Psychological correlates of peer victimisation in preschool: social cognitive skills, executive function and attachment profiles
Article first published online: 3 OCT 2005
© 2005 Wiley-Liss, Inc.
Volume 31, Issue 6, pages 571–588, December 2005
How to Cite
Monks, C. P., Smith, P. K. and Swettenham, J. (2005), Psychological correlates of peer victimisation in preschool: social cognitive skills, executive function and attachment profiles. Aggr. Behav., 31: 571–588. doi: 10.1002/ab.20099
- Issue published online: 14 OCT 2005
- Article first published online: 3 OCT 2005
- Manuscript Accepted: 19 APR 2004
- Manuscript Received: 16 SEP 2003
- ESRC. Grant Number: R0042934653
- theory of mind;
- executive function;
Most research into peer victimisation has focussed on children aged 8 years and above and has included a study of the correlates of victimisation, including cognitive and social skills, and attachment profiles.

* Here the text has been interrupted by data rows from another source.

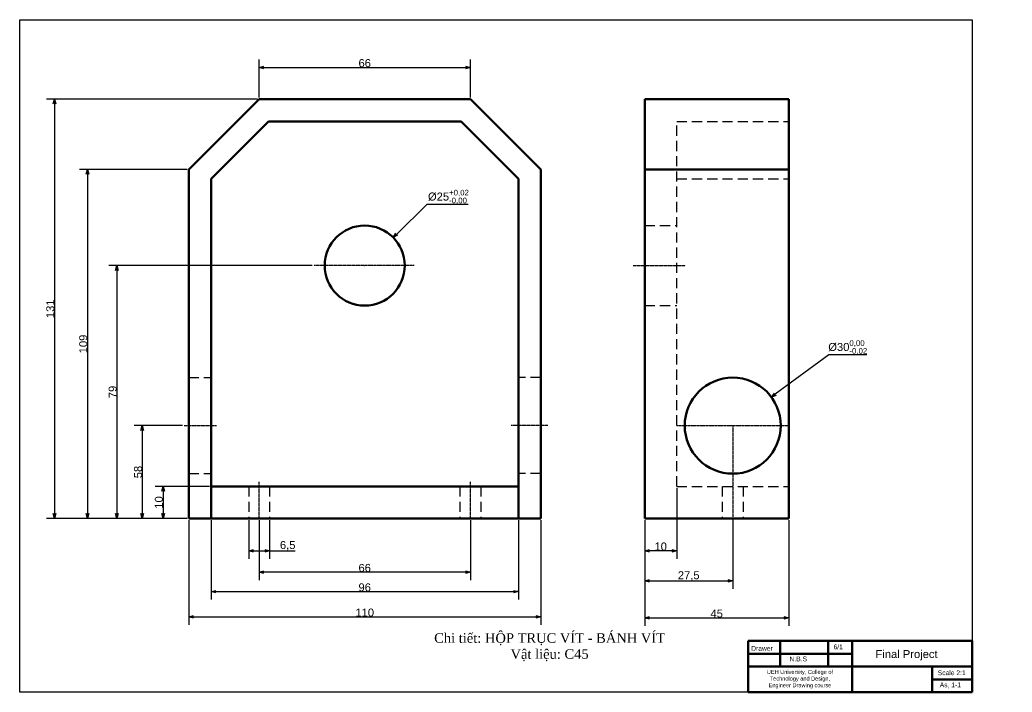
# Model space of a CAD drawing. Header units: inches. Extents: x 632 to 5727, y -9589 to -3994.
# Drawn here: x 2422 to 3042, y -5701 to -5281 of the extents above; entities that cross this region are included whole.
import ezdxf

# ---------------------------------------------------------------- set-up
doc = ezdxf.new("R2010")
doc.units = ezdxf.units.IN
doc.header["$MEASUREMENT"] = 0
doc.linetypes.add('CENTER2', pattern=[1.125, 0.75, -0.125, 0.125, -0.125])
doc.linetypes.add('DASHED2', pattern=[9.525, 6.35, -3.175])
for name, color, linetype, lineweight, plot in [('center line', 5, 'CENTER2', 25, False), ('Dimension line', 3, 'Continuous', 25, False), ('hidden line', 10, 'DASHED2', 25, False), ('visible line', 7, 'Continuous', 50, False)]:
    doc.layers.add(name, color=color, linetype=linetype, lineweight=lineweight, plot=plot)
doc.styles.get("Standard").update_dxf_attribs({"font": 'arial.ttf'})
doc.dimstyles.new('ISO A3', dxfattribs={"dimtxt": 5, "dimasz": 3, "dimexe": 5, "dimexo": 1, "dimgap": 0.09, "dimtad": 1, "dimtoh": 1, "dimdec": 0, "dimzin": 0, "dimdsep": 46, "dimtxsty": 'Standard', "dimblk": 'OPEN30', "dimcen": 0.09, "dimclrd": 256, "dimclre": 256, "dimadec": 0, "dimazin": 0, "dimtfac": 1, "dimtdec": 0, "dimtofl": 0, "dimtmove": 0, "dimatfit": 3, "dimldrblk": 'OPEN30', "dimfxl": 1, "dimtolj": 1, "dimtzin": 0, "dimarcsym": 0})

# ---------------------------------------------------------------- blocks, each defined once
blk = doc.blocks.new('_Open30')
at = {"color": 0, "linetype": 'ByBlock', "lineweight": -2}
for p, q in [((-1, 0.27), (0, 0)), ((0, 0), (-1, -0.27)), ((0, 0), (-1, 0))]:
    blk.add_line(p, q, dxfattribs=at)
blk = doc.blocks.new('*D105')
at = {"layer": 'Defpoints', "color": 0, "transparency": 16777216}
for p in [(2703.55, -5310.44), (2571.55, -5330.22), (2703.55, -5330.22)]:
    blk.add_point(p, dxfattribs=at)
at = {"layer": 'Dimension line', "lineweight": -2, "transparency": 16777216}
for p, q in [((2571.55, -5329.22), (2571.55, -5305.44)), ((2703.55, -5329.22), (2703.55, -5305.44)), ((2574.55, -5310.44), (2700.55, -5310.44))]:
    blk.add_line(p, q, dxfattribs=at)
at = {"layer": 'Dimension line', "lineweight": -2, "transparency": 16777216, "xscale": 3, "yscale": 3, "zscale": 3, "rotation": 180}
blk.add_blockref('_Open30', (2571.55, -5310.44), dxfattribs=at)
at = {"layer": 'Dimension line', "lineweight": -2, "transparency": 16777216, "xscale": 3, "yscale": 3, "zscale": 3}
blk.add_blockref('_Open30', (2703.55, -5310.44), dxfattribs=at)
at = {"layer": 'Dimension line', "color": 0, "transparency": 16777216, "insert": (2637.55, -5307.8), "char_height": 5, "attachment_point": 5}
blk.add_mtext('\\A1;66', dxfattribs=at)
blk = doc.blocks.new('*D106')
at = {"layer": 'Defpoints', "color": 0, "transparency": 16777216}
for p in [(2571.55, -5330.22), (2443.75, -5592.22), (2527.55, -5592.22)]:
    blk.add_point(p, dxfattribs=at)
at = {"layer": 'Dimension line', "lineweight": -2, "transparency": 16777216}
for p, q in [((2570.55, -5330.22), (2438.75, -5330.22)), ((2443.75, -5333.22), (2443.75, -5589.22)), ((2526.55, -5592.22), (2438.75, -5592.22))]:
    blk.add_line(p, q, dxfattribs=at)
at = {"layer": 'Dimension line', "lineweight": -2, "transparency": 16777216, "xscale": 3, "yscale": 3, "zscale": 3}
for p, rotation in [((2443.75, -5330.22), 90), ((2443.75, -5592.22), 270)]:
    blk.add_blockref('_Open30', p, dxfattribs=dict(at, rotation=rotation))
at = {"layer": 'Dimension line', "color": 0, "transparency": 16777216, "insert": (2441.11, -5461.22), "char_height": 5, "attachment_point": 5, "rotation": 90}
blk.add_mtext('\\A1;131', dxfattribs=at)
blk = doc.blocks.new('*D107')
at = {"layer": 'Defpoints', "color": 0, "transparency": 16777216}
for p in [(2541.55, -5572.22), (2511.54, -5592.22), (2527.55, -5592.22)]:
    blk.add_point(p, dxfattribs=at)
at = {"layer": 'Dimension line', "lineweight": -2, "transparency": 16777216}
for p, q in [((2540.55, -5572.22), (2506.54, -5572.22)), ((2511.54, -5575.22), (2511.54, -5589.22)), ((2526.55, -5592.22), (2506.54, -5592.22))]:
    blk.add_line(p, q, dxfattribs=at)
at = {"layer": 'Dimension line', "lineweight": -2, "transparency": 16777216, "xscale": 3, "yscale": 3, "zscale": 3}
for p, rotation in [((2511.54, -5572.22), 90), ((2511.54, -5592.22), 270)]:
    blk.add_blockref('_Open30', p, dxfattribs=dict(at, rotation=rotation))
at = {"layer": 'Dimension line', "color": 0, "transparency": 16777216, "insert": (2508.9, -5582.22), "char_height": 5, "attachment_point": 5, "rotation": 90}
blk.add_mtext('\\A1;10', dxfattribs=at)
blk = doc.blocks.new('*D108')
at = {"layer": 'Defpoints', "color": 0, "transparency": 16777216}
for p in [(2524.76, -5534.22), (2498.56, -5592.22), (2527.55, -5592.22)]:
    blk.add_point(p, dxfattribs=at)
at = {"layer": 'Dimension line', "lineweight": -2, "transparency": 16777216}
for p, q in [((2523.76, -5534.22), (2493.56, -5534.22)), ((2498.56, -5537.22), (2498.56, -5589.22)), ((2526.55, -5592.22), (2493.56, -5592.22))]:
    blk.add_line(p, q, dxfattribs=at)
at = {"layer": 'Dimension line', "lineweight": -2, "transparency": 16777216, "xscale": 3, "yscale": 3, "zscale": 3}
for p, rotation in [((2498.56, -5534.22), 90), ((2498.56, -5592.22), 270)]:
    blk.add_blockref('_Open30', p, dxfattribs=dict(at, rotation=rotation))
at = {"layer": 'Dimension line', "color": 0, "transparency": 16777216, "insert": (2495.92, -5563.22), "char_height": 5, "attachment_point": 5, "rotation": 90}
blk.add_mtext('\\A1;58', dxfattribs=at)
blk = doc.blocks.new('*D109')
at = {"layer": 'Defpoints', "color": 0, "transparency": 16777216}
for p in [(2605.71, -5434.22), (2482.71, -5592.22), (2527.55, -5592.22)]:
    blk.add_point(p, dxfattribs=at)
at = {"layer": 'Dimension line', "lineweight": -2, "transparency": 16777216}
for p, q in [((2604.71, -5434.22), (2477.71, -5434.22)), ((2482.71, -5437.22), (2482.71, -5589.22)), ((2526.55, -5592.22), (2477.71, -5592.22))]:
    blk.add_line(p, q, dxfattribs=at)
at = {"layer": 'Dimension line', "lineweight": -2, "transparency": 16777216, "xscale": 3, "yscale": 3, "zscale": 3}
for p, rotation in [((2482.71, -5434.22), 90), ((2482.71, -5592.22), 270)]:
    blk.add_blockref('_Open30', p, dxfattribs=dict(at, rotation=rotation))
at = {"layer": 'Dimension line', "color": 0, "transparency": 16777216, "insert": (2480.07, -5513.22), "char_height": 5, "attachment_point": 5, "rotation": 90}
blk.add_mtext('\\A1;79', dxfattribs=at)
blk = doc.blocks.new('*D110')
at = {"layer": 'Defpoints', "color": 0, "transparency": 16777216}
for p in [(2527.55, -5374.22), (2464.34, -5592.22), (2527.55, -5592.22)]:
    blk.add_point(p, dxfattribs=at)
at = {"layer": 'Dimension line', "lineweight": -2, "transparency": 16777216}
for p, q in [((2526.55, -5374.22), (2459.34, -5374.22)), ((2464.34, -5377.22), (2464.34, -5589.22)), ((2526.55, -5592.22), (2459.34, -5592.22))]:
    blk.add_line(p, q, dxfattribs=at)
at = {"layer": 'Dimension line', "lineweight": -2, "transparency": 16777216, "xscale": 3, "yscale": 3, "zscale": 3}
for p, rotation in [((2464.34, -5374.22), 90), ((2464.34, -5592.22), 270)]:
    blk.add_blockref('_Open30', p, dxfattribs=dict(at, rotation=rotation))
at = {"layer": 'Dimension line', "color": 0, "transparency": 16777216, "insert": (2461.69, -5483.22), "char_height": 5, "attachment_point": 5, "rotation": 90}
blk.add_mtext('\\A1;109', dxfattribs=at)
blk = doc.blocks.new('*D111')
at = {"layer": 'Defpoints', "color": 0, "transparency": 16777216}
for p in [(2565.05, -5592.22), (2578.05, -5592.22), (2578.05, -5612.4)]:
    blk.add_point(p, dxfattribs=at)
at = {"layer": 'Dimension line', "lineweight": -2, "transparency": 16777216}
for p, q in [((2565.05, -5593.22), (2565.05, -5617.4)), ((2578.05, -5593.22), (2578.05, -5617.4)), ((2568.05, -5612.4), (2575.05, -5612.4)), ((2578.05, -5612.4), (2594.09, -5612.4))]:
    blk.add_line(p, q, dxfattribs=at)
at = {"layer": 'Dimension line', "lineweight": -2, "transparency": 16777216, "xscale": 3, "yscale": 3, "zscale": 3, "rotation": 180}
blk.add_blockref('_Open30', (2565.05, -5612.4), dxfattribs=at)
at = {"layer": 'Dimension line', "lineweight": -2, "transparency": 16777216, "xscale": 3, "yscale": 3, "zscale": 3}
blk.add_blockref('_Open30', (2578.05, -5612.4), dxfattribs=at)
at = {"layer": 'Dimension line', "color": 0, "transparency": 16777216, "insert": (2589.41, -5609.3), "char_height": 5, "attachment_point": 5}
blk.add_mtext('\\A1;6,5', dxfattribs=at)
blk = doc.blocks.new('*D112')
at = {"layer": 'Defpoints', "color": 0, "transparency": 16777216}
for p in [(2571.55, -5592.22, -149.08), (2703.55, -5592.22, -149.08), (2571.55, -5625.81)]:
    blk.add_point(p, dxfattribs=at)
at = {"layer": 'Dimension line', "lineweight": -2, "transparency": 16777216}
for p, q in [((2571.55, -5593.22), (2571.55, -5630.81)), ((2703.55, -5593.22), (2703.55, -5630.81)), ((2700.55, -5625.81), (2574.55, -5625.81))]:
    blk.add_line(p, q, dxfattribs=at)
at = {"layer": 'Dimension line', "lineweight": -2, "transparency": 16777216, "xscale": 3, "yscale": 3, "zscale": 3, "rotation": 180}
blk.add_blockref('_Open30', (2571.55, -5625.81), dxfattribs=at)
at = {"layer": 'Dimension line', "lineweight": -2, "transparency": 16777216, "xscale": 3, "yscale": 3, "zscale": 3}
blk.add_blockref('_Open30', (2703.55, -5625.81), dxfattribs=at)
at = {"layer": 'Dimension line', "color": 0, "transparency": 16777216, "insert": (2637.55, -5623.16), "char_height": 5, "attachment_point": 5}
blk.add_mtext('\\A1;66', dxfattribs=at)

Recent research has started to investigate aggression and victimisation in younger groups and has found that the nature of aggression differs from that in older children in terms of the types of victimisation involved and the stability of the roles. This study investigated some of the correlates of roles taken in victimisation in 104 children aged 4–6 years, using a cartoon methodology to elicit peer nominations for aggressor, victim, and defender. It examined the social cognitive abilities, executive function skills, and attachment profiles of aggressors, victims, and defenders. Victims did not exhibit poor performance on the social cognitive tasks or have insecure attachment qualities as has been found with victims during middle childhood. Aggressors did not perform highly on the social cognitive tasks in contrast to older aggressors and bullies. Defenders were found to perform above average (although not significantly different from other groups) on the social cognitive tasks. These findings are related to the nature of aggression and victimisation at this age, and a developmental change hypothesis is proposed to accommodate them. Aggr. Behav. 00:1–18, 2005. © 2005 Wiley-Liss, Inc.